Her second project was done in the Marina Vallarta neighborhood on Albatros Street near the American School. This project ran from 2013 to 2015. The mural, called Episodio 2 is over 500 m2 and is the second-largest mosaic mural in Mexico.

Moraga's next project worked on the meters-high letters that spell Puerto Vallarta facing the traffic coming in from the northern highway. She had some difficulties with various government agencies, but completed it with support and lobbying efforts from the local business community.

Moraga also created smaller mosaics for local hotels, restaurants and homes. She also completed smaller public projects such as the benches on Francisco Rodriguez Street between Olas Altas and the Los Muertos pier.

=== Parque de los Azulejos ===
Moraga's previous work was created alone or with help from family and friends. Her next project (Parque de Azulejos) required better organization and fundraising.

The Parque de Azulejos (lit. "Tile Park") project began in 2017 and coincided with the 100th anniversary of the founding of Puerto Vallarta. It is located at Lázaro Cárdenas Park. Moraga stated: "I always passed by here and saw it dark, falling down and needing color." She presented the park project three times to the neighborhood association before it was approved. Moraga began with materials left over from previous projects as there was no funding for the project at first.

It is her largest project to date; she aims to cover everything in Lázaro Cárdenas Park in tile mosaics, including the entire 66-bench gazebo, the parking areas, barrier walls, and the flowerpots. The first phase of the project concentrated on the amphitheater, specifically the columns. It is estimated that when done, the park will have tiles and mirror pieces that, if lined up, would be over 1000 m long.

Moraga states that "all the colors and figures have meaning and are not arranged haphazardly." Most of the designs are characteristic to Puerto Vallarta, but some are more personal, such as those based on Moraga's tattoos.

The entire project is privately financed. To fund the project, Moraga turned to the sale of patronage tiles and other kinds of donations, including money raised via the project's website.

Most of the work is done by volunteers, who Moraga trains in three-day workshops, similar to the training she had in Philadelphia. Open to anyone interested, it has included children, teens, adults and senior citizens who have been involved in various parts of the creative process. As of 2019, Parque de Azulejos is 70% finished. A completion date has not been announced.

The project in the park caught the attention of locals and tourists and changed the surrounding neighborhood's image and led to it getting publicly serviced better.

=== Mozayko Vallarta ===
The Parque de Azulejos project marked a change of Moraga's projects to a community-focused and community-organized model.

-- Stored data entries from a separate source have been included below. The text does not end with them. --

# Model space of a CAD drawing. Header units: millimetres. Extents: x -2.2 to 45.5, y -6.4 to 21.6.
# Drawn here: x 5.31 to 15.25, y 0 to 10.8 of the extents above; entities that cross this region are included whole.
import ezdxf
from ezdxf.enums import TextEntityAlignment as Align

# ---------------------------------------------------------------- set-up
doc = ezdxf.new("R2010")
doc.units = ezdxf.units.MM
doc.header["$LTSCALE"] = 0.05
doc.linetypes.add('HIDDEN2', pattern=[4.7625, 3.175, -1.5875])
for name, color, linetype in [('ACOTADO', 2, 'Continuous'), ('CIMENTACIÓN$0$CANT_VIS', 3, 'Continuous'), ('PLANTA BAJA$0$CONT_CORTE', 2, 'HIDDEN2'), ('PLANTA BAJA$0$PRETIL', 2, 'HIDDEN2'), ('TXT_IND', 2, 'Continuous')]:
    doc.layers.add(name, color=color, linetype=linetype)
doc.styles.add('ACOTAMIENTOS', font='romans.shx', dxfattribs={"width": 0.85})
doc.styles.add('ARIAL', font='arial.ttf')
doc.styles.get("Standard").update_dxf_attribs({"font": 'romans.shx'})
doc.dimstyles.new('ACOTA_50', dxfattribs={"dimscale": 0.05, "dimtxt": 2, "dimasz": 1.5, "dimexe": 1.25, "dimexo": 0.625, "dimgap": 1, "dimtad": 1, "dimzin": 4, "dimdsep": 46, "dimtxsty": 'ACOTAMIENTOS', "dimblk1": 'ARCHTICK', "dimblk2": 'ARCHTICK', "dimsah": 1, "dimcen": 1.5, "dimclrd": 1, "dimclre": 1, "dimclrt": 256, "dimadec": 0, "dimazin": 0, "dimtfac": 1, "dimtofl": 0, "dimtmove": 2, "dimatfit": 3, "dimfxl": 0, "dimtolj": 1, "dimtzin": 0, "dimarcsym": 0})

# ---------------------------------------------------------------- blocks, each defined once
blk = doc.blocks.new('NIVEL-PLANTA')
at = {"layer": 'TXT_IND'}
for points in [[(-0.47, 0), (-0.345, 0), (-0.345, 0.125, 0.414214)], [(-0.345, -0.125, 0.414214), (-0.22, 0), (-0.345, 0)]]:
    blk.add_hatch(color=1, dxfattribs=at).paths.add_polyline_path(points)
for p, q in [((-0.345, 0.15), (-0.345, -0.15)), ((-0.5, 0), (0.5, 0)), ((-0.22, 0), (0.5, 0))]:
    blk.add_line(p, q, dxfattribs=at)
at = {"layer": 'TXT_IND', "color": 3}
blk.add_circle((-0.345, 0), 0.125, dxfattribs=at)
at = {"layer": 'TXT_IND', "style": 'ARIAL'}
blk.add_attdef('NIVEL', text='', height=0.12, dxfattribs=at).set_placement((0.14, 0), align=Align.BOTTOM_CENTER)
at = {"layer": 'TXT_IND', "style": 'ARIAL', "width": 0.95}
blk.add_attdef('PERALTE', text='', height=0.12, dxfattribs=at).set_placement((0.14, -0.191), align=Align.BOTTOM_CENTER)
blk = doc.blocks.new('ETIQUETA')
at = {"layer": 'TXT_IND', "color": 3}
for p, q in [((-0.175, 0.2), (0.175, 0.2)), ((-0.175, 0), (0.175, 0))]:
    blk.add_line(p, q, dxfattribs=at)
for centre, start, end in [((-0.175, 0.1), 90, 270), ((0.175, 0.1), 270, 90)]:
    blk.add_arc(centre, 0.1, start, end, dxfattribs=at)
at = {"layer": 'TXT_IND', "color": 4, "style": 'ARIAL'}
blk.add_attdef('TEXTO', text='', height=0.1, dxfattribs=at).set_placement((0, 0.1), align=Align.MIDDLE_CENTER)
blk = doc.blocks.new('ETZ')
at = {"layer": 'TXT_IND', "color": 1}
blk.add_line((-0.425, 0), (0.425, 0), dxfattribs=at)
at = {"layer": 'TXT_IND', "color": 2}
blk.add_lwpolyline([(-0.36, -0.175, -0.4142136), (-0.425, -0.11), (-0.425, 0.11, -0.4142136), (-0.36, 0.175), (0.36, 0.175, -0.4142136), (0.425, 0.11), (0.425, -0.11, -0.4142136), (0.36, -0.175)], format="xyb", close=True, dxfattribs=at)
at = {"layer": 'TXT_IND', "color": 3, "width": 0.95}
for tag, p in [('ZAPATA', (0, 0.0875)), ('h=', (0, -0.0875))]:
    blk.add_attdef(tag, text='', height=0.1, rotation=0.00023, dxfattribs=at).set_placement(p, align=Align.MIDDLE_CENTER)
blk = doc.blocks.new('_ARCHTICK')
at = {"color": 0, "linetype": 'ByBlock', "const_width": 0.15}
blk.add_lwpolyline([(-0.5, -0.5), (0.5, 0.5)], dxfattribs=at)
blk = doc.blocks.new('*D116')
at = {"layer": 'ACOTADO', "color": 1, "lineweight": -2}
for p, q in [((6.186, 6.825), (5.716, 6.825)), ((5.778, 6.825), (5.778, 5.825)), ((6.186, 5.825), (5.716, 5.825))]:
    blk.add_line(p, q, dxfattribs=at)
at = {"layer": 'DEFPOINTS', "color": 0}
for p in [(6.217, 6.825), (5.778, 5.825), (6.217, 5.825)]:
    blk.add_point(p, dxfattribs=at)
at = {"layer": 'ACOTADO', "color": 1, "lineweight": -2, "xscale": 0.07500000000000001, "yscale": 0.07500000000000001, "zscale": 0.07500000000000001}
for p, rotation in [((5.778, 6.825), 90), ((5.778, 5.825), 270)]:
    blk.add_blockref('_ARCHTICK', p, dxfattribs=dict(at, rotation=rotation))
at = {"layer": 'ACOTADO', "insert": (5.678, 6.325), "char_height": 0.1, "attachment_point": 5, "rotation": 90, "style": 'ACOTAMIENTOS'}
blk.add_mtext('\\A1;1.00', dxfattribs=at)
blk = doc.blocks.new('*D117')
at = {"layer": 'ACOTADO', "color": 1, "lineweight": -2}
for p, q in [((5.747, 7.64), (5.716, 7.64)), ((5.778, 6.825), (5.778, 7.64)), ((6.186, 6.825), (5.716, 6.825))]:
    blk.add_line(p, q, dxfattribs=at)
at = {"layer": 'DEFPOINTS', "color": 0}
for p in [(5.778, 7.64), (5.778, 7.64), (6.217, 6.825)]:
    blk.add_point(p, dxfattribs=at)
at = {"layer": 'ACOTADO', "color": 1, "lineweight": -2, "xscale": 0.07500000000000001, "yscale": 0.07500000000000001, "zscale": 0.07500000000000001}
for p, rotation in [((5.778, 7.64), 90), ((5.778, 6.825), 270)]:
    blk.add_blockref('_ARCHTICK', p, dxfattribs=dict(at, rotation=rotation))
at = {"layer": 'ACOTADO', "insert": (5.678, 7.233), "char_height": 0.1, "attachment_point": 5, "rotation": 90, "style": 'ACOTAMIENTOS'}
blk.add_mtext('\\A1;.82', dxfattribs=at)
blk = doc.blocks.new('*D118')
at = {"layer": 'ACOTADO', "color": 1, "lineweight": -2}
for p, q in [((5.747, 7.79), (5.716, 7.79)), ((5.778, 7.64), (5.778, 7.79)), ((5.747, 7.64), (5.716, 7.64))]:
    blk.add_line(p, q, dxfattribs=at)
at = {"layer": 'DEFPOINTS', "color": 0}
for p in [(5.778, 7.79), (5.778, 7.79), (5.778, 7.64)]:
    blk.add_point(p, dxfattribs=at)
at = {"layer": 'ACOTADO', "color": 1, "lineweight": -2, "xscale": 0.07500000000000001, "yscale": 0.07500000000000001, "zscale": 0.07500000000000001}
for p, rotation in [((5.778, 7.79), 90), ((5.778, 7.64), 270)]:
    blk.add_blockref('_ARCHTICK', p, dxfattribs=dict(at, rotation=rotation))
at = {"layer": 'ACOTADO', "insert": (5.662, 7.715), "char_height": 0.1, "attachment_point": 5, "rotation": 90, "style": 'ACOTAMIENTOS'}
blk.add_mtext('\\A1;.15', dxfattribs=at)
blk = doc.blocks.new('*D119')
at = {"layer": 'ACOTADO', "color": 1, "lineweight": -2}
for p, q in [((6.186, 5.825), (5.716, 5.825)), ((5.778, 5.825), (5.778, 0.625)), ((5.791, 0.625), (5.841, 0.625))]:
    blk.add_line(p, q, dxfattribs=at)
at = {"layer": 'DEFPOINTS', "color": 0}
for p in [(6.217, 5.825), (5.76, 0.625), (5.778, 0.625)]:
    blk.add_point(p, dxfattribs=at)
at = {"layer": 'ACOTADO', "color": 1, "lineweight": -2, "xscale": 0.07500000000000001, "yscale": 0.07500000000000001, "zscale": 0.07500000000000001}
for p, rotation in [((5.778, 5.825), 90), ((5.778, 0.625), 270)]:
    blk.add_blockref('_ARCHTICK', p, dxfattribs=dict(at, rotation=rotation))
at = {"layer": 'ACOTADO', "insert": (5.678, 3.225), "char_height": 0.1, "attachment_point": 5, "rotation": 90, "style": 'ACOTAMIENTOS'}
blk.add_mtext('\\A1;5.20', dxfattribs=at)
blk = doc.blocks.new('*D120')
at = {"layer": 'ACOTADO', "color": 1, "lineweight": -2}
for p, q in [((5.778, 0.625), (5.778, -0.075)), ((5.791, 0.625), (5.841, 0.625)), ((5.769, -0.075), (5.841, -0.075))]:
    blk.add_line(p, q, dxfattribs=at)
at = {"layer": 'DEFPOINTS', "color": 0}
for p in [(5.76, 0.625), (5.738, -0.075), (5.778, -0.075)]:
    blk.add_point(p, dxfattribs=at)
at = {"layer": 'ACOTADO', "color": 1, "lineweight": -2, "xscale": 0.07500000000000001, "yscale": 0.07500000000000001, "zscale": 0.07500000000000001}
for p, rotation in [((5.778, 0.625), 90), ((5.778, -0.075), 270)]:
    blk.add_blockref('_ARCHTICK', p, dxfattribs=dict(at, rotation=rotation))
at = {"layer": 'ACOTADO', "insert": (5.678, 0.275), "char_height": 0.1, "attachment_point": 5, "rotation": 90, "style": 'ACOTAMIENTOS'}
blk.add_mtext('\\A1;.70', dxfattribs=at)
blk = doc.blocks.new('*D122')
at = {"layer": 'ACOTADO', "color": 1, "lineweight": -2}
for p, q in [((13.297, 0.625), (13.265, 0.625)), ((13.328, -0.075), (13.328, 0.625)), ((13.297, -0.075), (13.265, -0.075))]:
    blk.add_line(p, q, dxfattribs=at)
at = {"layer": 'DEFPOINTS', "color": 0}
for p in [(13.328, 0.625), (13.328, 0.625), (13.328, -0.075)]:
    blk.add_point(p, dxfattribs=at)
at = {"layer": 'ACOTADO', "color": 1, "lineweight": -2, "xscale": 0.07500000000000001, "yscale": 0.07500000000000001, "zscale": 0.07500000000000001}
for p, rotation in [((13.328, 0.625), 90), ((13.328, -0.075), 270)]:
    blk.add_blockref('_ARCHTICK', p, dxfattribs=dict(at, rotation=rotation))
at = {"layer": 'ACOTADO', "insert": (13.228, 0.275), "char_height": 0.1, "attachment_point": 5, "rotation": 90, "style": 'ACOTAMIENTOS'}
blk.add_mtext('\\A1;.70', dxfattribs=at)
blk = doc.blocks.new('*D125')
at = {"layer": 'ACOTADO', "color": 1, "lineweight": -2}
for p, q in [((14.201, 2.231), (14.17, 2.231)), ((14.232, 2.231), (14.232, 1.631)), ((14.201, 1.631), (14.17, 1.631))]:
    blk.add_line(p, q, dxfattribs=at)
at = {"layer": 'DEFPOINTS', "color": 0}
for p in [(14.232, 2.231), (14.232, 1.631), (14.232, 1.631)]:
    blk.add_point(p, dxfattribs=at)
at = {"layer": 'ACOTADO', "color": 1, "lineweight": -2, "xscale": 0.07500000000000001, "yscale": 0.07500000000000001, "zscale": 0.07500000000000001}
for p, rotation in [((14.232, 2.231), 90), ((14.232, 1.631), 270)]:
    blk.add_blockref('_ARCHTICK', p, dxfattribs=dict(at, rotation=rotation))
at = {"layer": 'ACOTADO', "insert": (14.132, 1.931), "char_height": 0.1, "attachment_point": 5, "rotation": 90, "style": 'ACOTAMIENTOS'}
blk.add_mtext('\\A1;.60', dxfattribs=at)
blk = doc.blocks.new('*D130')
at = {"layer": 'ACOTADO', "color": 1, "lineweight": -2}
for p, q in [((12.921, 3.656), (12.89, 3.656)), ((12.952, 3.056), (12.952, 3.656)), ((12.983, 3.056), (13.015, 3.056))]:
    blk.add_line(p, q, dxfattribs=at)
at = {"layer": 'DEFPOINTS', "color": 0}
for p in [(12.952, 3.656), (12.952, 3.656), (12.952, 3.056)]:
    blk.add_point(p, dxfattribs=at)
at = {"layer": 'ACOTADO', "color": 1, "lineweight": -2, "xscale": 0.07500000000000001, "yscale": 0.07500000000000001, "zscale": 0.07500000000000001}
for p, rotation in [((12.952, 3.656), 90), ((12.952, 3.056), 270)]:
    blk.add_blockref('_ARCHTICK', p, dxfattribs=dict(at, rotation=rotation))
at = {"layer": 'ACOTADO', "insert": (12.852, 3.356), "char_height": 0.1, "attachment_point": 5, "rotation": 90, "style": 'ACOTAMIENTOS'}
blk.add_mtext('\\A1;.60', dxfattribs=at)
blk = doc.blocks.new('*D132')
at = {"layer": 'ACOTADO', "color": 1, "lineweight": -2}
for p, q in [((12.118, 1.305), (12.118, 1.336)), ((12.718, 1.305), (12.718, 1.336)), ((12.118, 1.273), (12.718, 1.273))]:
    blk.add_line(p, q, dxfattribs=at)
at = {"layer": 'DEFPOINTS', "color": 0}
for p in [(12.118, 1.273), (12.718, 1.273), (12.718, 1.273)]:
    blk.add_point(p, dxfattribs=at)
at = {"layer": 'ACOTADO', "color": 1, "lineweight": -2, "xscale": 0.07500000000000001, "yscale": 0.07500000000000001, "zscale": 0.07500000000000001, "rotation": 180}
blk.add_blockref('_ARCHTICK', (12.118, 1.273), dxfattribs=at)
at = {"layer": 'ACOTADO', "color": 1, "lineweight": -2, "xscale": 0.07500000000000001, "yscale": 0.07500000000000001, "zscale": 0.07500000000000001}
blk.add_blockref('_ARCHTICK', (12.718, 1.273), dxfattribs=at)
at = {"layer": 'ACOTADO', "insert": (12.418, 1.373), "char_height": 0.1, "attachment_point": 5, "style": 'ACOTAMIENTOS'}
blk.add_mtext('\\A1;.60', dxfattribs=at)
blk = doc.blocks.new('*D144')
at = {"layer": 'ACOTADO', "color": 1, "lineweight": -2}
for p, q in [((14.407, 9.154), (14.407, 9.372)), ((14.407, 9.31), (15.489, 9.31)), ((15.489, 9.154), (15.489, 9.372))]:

The basis of this model is Mozayko Vallarta, the first word a play on the Spanish word for tile, "mosaico". Three-day workshops are organized through this venue, training over 300 people as of January 2019. Money is raised through donations through a Facebook page as well as the sale of t-shirts and other items.

Moraga has been invited to speak about Mozayko Vallarta and its effects in the community in both Mexico and the United States. In 2019, she was recognized by the Asociación Mexicana de Mujeres Empresarias in the city for her community contributions.